I recently set up psdiff on a few of my servers as a basic means to monitor process activity.

It disclosed that my SaltStack master daemon — which I'm running as a non-privileged user — was losing a single child, exactly 24 hours after I had ran salt commands. This seemed to be a recurring phenomenon.

The salt server — version 0.17.5+ds-1 on Ubuntu Trusty — was running these processes:

salt 0:00 /usr/bin/salt-master
salt 0:22  \_ [salt-master] <defunct> <-- clear_old_jobs_proc
salt 0:00  \_ /usr/bin/salt-master <-- start_publisher
salt 0:01  \_ /usr/bin/salt-master <-- start_event_publisher
salt 0:04  \_ /usr/bin/salt-master <-- worker process 1..5
salt 0:03  \_ /usr/bin/salt-master     as configured by the
salt 0:04  \_ /usr/bin/salt-master     'worker_threads' setting
salt 0:04  \_ /usr/bin/salt-master
salt 0:04  \_ /usr/bin/salt-master

So, why did the clear_old_jobs_proc die?

I added some debug code. Observe, the %(process)5s in the log format which adds the PID to log messages.

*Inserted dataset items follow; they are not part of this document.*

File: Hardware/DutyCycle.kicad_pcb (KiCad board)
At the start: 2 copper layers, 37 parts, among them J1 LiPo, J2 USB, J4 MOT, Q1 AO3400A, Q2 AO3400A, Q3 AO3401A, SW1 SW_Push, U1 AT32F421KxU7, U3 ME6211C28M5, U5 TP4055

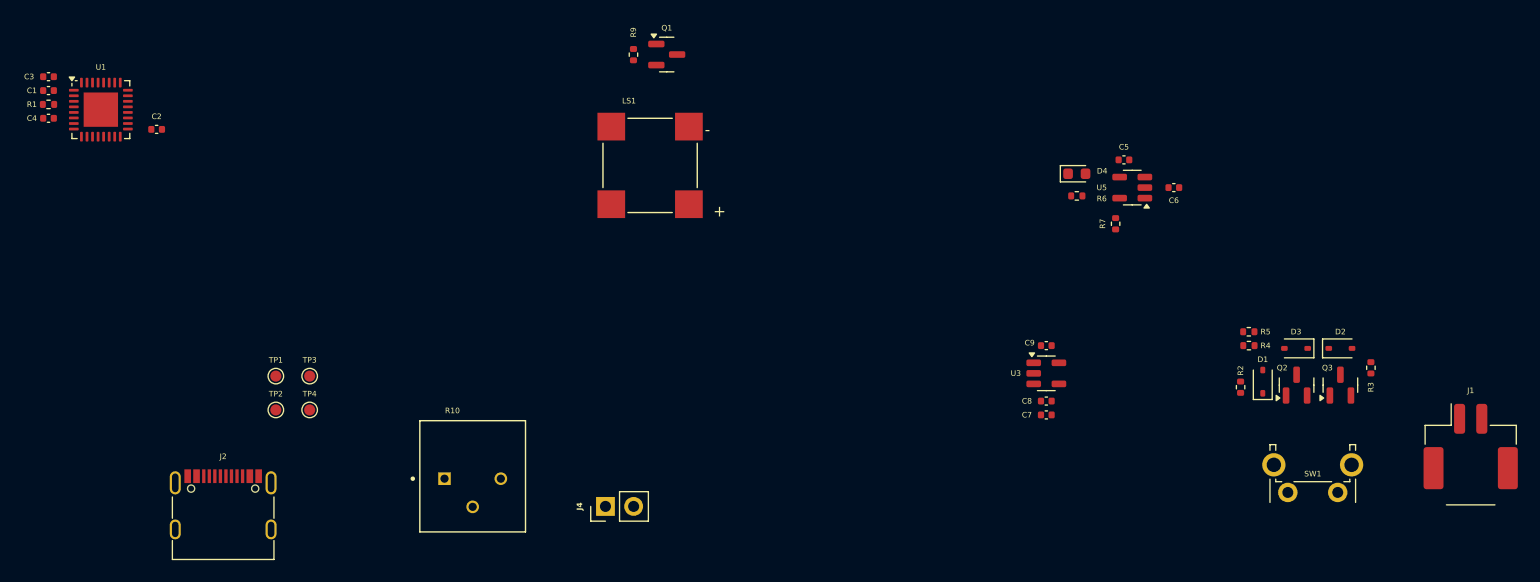
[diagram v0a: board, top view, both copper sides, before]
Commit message: feat(pcb): complete the basic layout of components
Signed-off-by: _VIFEXTech <vifextech@foxmail.com>
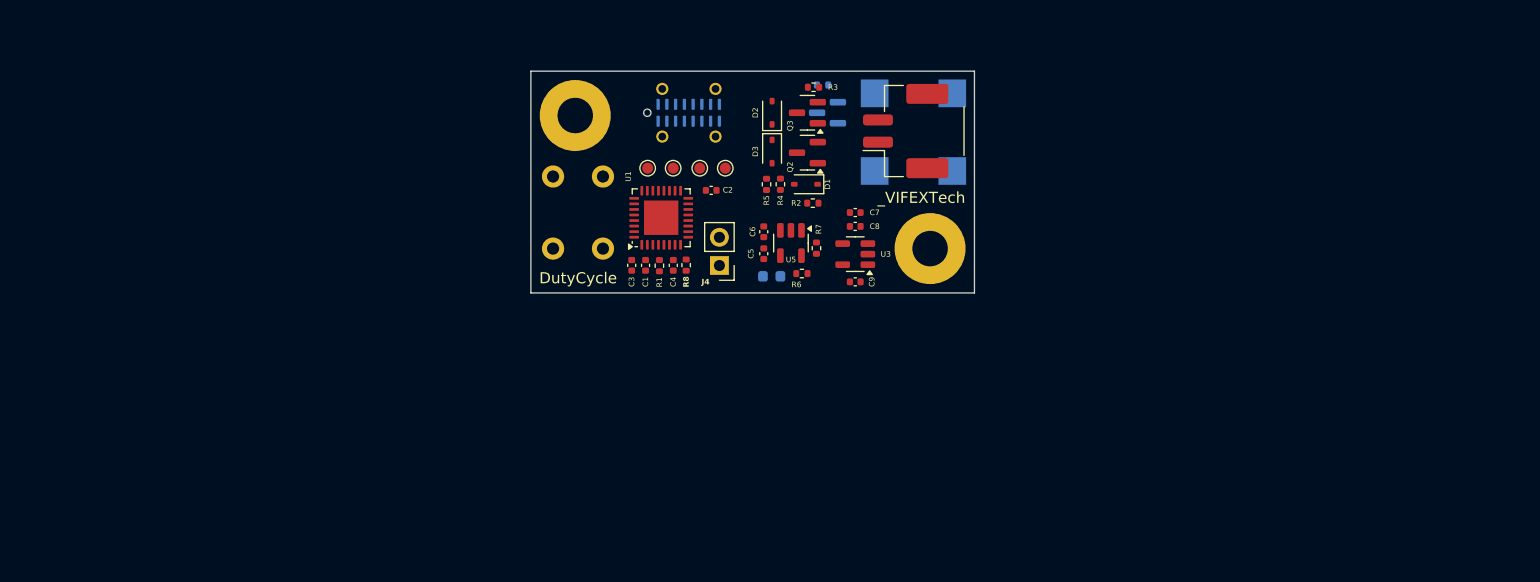
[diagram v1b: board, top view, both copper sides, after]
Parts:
- removed R10: 3296P-1-105, DutyCycle:TRIM_3296P-1-105
- added H1: MountingHole_Pad, MountingHole:MountingHole_3.2mm_M3_Pad, F.Cu at (79.0, 79.0)
- added H2: MountingHole_Pad, MountingHole:MountingHole_3.2mm_M3_Pad, F.Cu at (111.0, 91.0)
- added R8: 5.1kR, Resistor_SMD:R_0402_1005Metric, F.Cu at (89.0, 92.5)
- D4, LS1, Q1, R9: moved to B.Cu
- J2: footprint Connector_USB:USB_C_Receptacle_G-Switch_GT-USB-7010ASV -> Connector_USB:USB_C_Receptacle_G-Switch_GT-USB-7051x; moved to B.Cu
- SW1: footprint Button_Switch_THT:SW_Tactile_SPST_Angled_PTS645Vx83-2LFS -> Button_Switch_THT:SW_PUSH_6mm_H13mm; moved to B.Cu
- moved SW1 76.3 mm to (77.0, 84.5), turned to -90 degrees
- moved J1 58.4 mm to (108.8, 80.4), turned to 90 degrees
- moved C4 57.9 mm to (87.8, 92.5), turned to -90 degrees
- moved R1 57.0 mm to (86.6, 92.5), turned to 90 degrees
- moved R3 56.3 mm to (100.5, 76.5), turned to 180 degrees
- moved C1 56.1 mm to (85.3, 92.5), turned to -90 degrees
- moved J2 55.6 mm to (89.2, 78.8)
- moved D2 55.5 mm to (96.8, 78.8), turned to 90 degrees
- moved C3 55.3 mm to (84.1, 92.5), turned to -90 degrees
- moved Q3 54.0 mm to (99.9, 78.8), turned to 180 degrees
- moved U1 51.5 mm to (86.8, 88.2), turned to 90 degrees
- moved D3 50.5 mm to (96.8, 82.2), turned to -90 degrees
- moved C2 50.3 mm to (91.3, 85.8)
- moved Q2 48.8 mm to (99.9, 82.3), turned to 180 degrees
- moved R5 45.5 mm to (96.2, 85.2), turned to 90 degrees
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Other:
- board outline added: 40 x 20 mm
- board text added: "DutyCycle"
- board text added: "_VIFEXTech"

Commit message: feat(pcb): finish PCB layout
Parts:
- D4: moved to F.Cu
- moved D4 16.9 mm to (98.8, 76.8), turned to 0 degrees
- moved C5 13.7 mm to (101.2, 78.8), turned to -90 degrees
- moved R7 13.0 mm to (96.2, 78.8), turned to 90 degrees
- moved R6 12.9 mm to (96.2, 80.8), turned to 90 degrees
- moved U5 10.8 mm to (98.8, 79.8), turned to 90 degrees
- moved C6 10.1 mm to (101.2, 80.8), turned to 90 degrees
- moved D1 7.10 mm to (99.0, 92.2)
- moved Q2 7.07 mm to (99.4, 89.4)
- moved D2 7.07 mm to (96.2, 85.8)
- moved D3 7.07 mm to (96.2, 89.3)
- moved Q3 7.07 mm to (99.4, 85.8)
- moved R3 7.07 mm to (100.0, 83.5)
- moved R2 5.45 mm to (101.5, 92.2), turned to -90 degrees
- moved R9 4.45 mm to (102.2, 80.6)
- moved TP3 3.74 mm to (86.5, 83.5)
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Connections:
- J2 pad A5: /DEBUG_TX -> /SWCLK
- J2 pad A6: /DEBUG_RX -> /SWDIO
- J2 pad A7: /SWDIO -> /DEBUG_RX
- J2 pad A8: /SWCLK -> /DEBUG_TX
- J2 pad B5: /DEBUG_TX -> unconnected-(J2-CC2-PadB5)
- J2 pad B6: /DEBUG_RX -> unconnected-(J2-D+-PadB6)
- J2 pad B7: /SWDIO -> unconnected-(J2-D--PadB7)
- J2 pad B8: /SWCLK -> unconnected-(J2-SBU2-PadB8)
- U1 pad 13: unconnected-(U1-PA7-Pad13) -> /PWR_EN
- U1 pad 14: /MOT_OUT1 -> /KEY_DET
- U1 pad 15: /MOT_OUT2 -> /BAT_DET
- U1 pad 16: unconnected-(U1-PB2-Pad16) -> /BUZZ
- U1 pad 25: /PWR_EN -> unconnected-(U1-PA15-Pad25)
- U1 pad 26: /KEY_DET -> unconnected-(U1-PB3-Pad26)
- U1 pad 6: /BAT_DET -> unconnected-(U1-PA0-Pad6)
- U1 pad 7: /BUZZ -> unconnected-(U1-PA1-Pad7)
- U1 pad 8: unconnected-(U1-PA2-Pad8) -> /MOT_OUT1
- U1 pad 9: unconnected-(U1-PA3-Pad9) -> /MOT_OUT2
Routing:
- net VDD: track 0.00 -> 47.9 mm, vias 0 -> 2
- net Net-(D2-K): track 0.00 -> 25.7 mm, vias 0 -> 1
- net VBAT: track 0.00 -> 21.8 mm, vias 0 -> 1
- net VBUS: track 0.00 -> 21.8 mm, vias 0 -> 2
- net /BUZZ: track 0.00 -> 21.0 mm, vias 0 -> 1
- net Net-(D2-A): track 0.00 -> 11.9 mm, vias 0 -> 2
- net /BAT_IN: track 0.00 -> 10.8 mm
- net /PWR_EN: track 0.00 -> 10.5 mm
- net /DEBUG_RX: track 0.00 -> 9.94 mm, vias 0 -> 1
- net /SWCLK: track 0.00 -> 9.61 mm, vias 0 -> 1
- net /DEBUG_TX: track 0.00 -> 9.52 mm, vias 0 -> 1
- net /SWDIO: track 0.00 -> 8.80 mm, vias 0 -> 1
- net /KEY_DET: track 0.00 -> 8.26 mm
- net /BAT_DET: track 0.00 -> 6.61 mm
- net Net-(D4-K): track 0.00 -> 6.15 mm
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- added copper zone on B.Cu, net GND
- added copper zone on F.Cu, net GND
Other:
- board text added: "${TITLE}"
- board text added: "+"
- board text added: "-"
- board text added: "CC=CLK D-=RX D+=DIO SBU=TX"
- board text added: "CHG"
- board text added: "CLK"
- board text added: "DIO"
- board text added: "REV: ${REVISION} ${CURRENT_DATE}"
- board text added: "RX"
- board text added: "TX"
- board text removed: "DutyCycle"

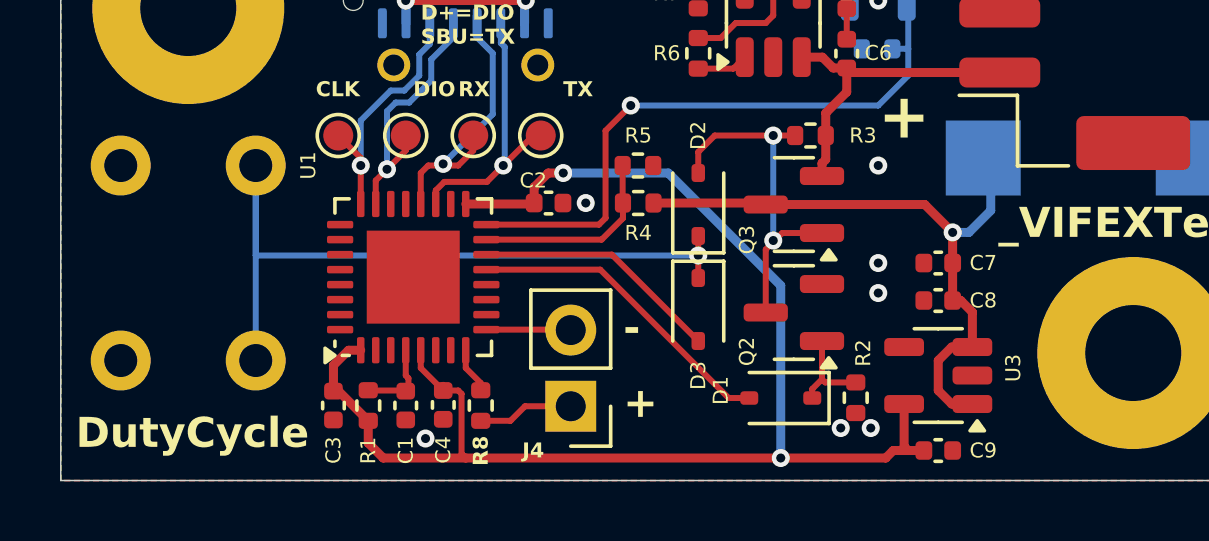
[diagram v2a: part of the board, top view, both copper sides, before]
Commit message: feat(Hardware): add external crystal & fix LDO packaging errors
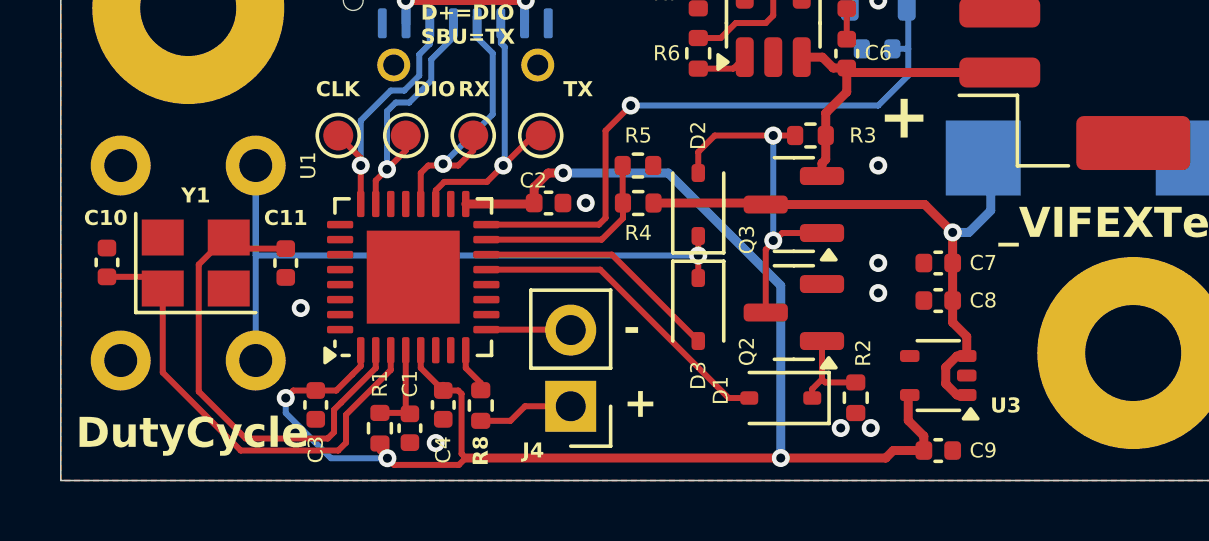
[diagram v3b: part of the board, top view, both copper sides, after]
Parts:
- added C10: 10pF, Capacitor_SMD:C_0402_1005Metric, F.Cu at (76.5, 87.7)
- added C11: 10pF, Capacitor_SMD:C_0402_1005Metric, F.Cu at (82.5, 87.8)
- added Y1: Crystal_GND24, Crystal:Crystal_SMD_3225-4Pin_3.2x2.5mm, F.Cu at (79.5, 87.8)
- R8: value 5.1kR -> 2kR
- U3: footprint Package_TO_SOT_SMD:SOT-23-5 -> Package_TO_SOT_SMD:SOT-353_SC-70-5
- moved R1 0.85 mm to (85.6, 93.3)
- moved C1 0.77 mm to (86.6, 93.3)
- moved C3 0.59 mm to (83.5, 92.5)
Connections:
- U1 pad 2: unconnected-(U1-HEXT_OUT/PF0-Pad2) -> /HEXT_OUT
- U1 pad 3: unconnected-(U1-HEXT_IN/PF1-Pad3) -> /HEXT_IN
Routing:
- net /HEXT_OUT: track 0.00 -> 16.2 mm
- net /HEXT_IN: track 0.00 -> 15.8 mm
- net VDD: track 47.9 -> 52.4 mm, vias 2 -> 4
- net VBAT: track 21.8 -> 20.5 mm
- net /RST: track 2.63 -> 3.19 mm
- net GND: track 1.11 -> 1.07 mm, vias 10 -> 11

# tail /etc/salt/master.d/*
==> /etc/salt/master.d/salt-log.conf <==
log_level: info
log_fmt_logfile: '%(asctime)s,%(msecs)03.0f [%(name)-17s][%(levelname)-8s/%(process)5s] %(message)s'

==> /etc/salt/master.d/salt-security.conf <==
sign_pub_messages: True

==> /etc/salt/master.d/salt-user.conf <==
user: salt

And then a patch against master.py:

--- /usr/lib/python2.7/dist-packages/salt/master.py.orig  2016-01-14 00:10:41.218945899 +0100
+++ /usr/lib/python2.7/dist-packages/salt/master.py 2016-01-14 00:17:28.520966737 +0100
@@ -178,6 +178,15 @@ class Master(SMaster):
         SMaster.__init__(self, opts)

     def _clear_old_jobs(self):
+        log.warning('entering clear_old_jobs')
+        try:
+            self.__clear_old_jobs()
+        except BaseException as e:
+            log.exception('clear_old_jobs exception: {}'.format(e))
+            raise
+        log.exception('clear_old_jobs no exception at all')
+
+    def __clear_old_jobs(self):
         '''
         The clean old jobs function is the general passive maintenance process
         controller for the Salt master. This is where any data that needs to

Lo and behold, I got errors:

2016-01-15 00:17:54,253 [salt.master      ][ERROR   / 2836] clear_old_jobs exception:
  [Errno 13] Permission denied: '/var/cache/salt/master/.dfnt'
Traceback (most recent call last):
  File "/usr/lib/python2.7/dist-packages/salt/master.py", line 183, in _clear_old_jobs
    self.__clear_old_jobs()
  File "/usr/lib/python2.7/dist-packages/salt/master.py", line 227, in __clear_old_jobs
    salt.crypt.dropfile(self.opts['cachedir'])
  File "/usr/lib/python2.7/dist-packages/salt/crypt.py", line 73, in dropfile
    with salt.utils.fopen(dfnt, 'w+') as fp_:
  File "/usr/lib/python2.7/dist-packages/salt/utils/__init__.py", line 930, in fopen
    fhandle = open(*args, **kwargs)
IOError: [Errno 13] Permission denied: '/var/cache/salt/master/.dfnt'

That's odd, the salt-master runs as user salt and both that file and directory belong to that user. But, the file only has read permissions. And as non-superuser, trying to write to my own files will fail if it has no write permissions.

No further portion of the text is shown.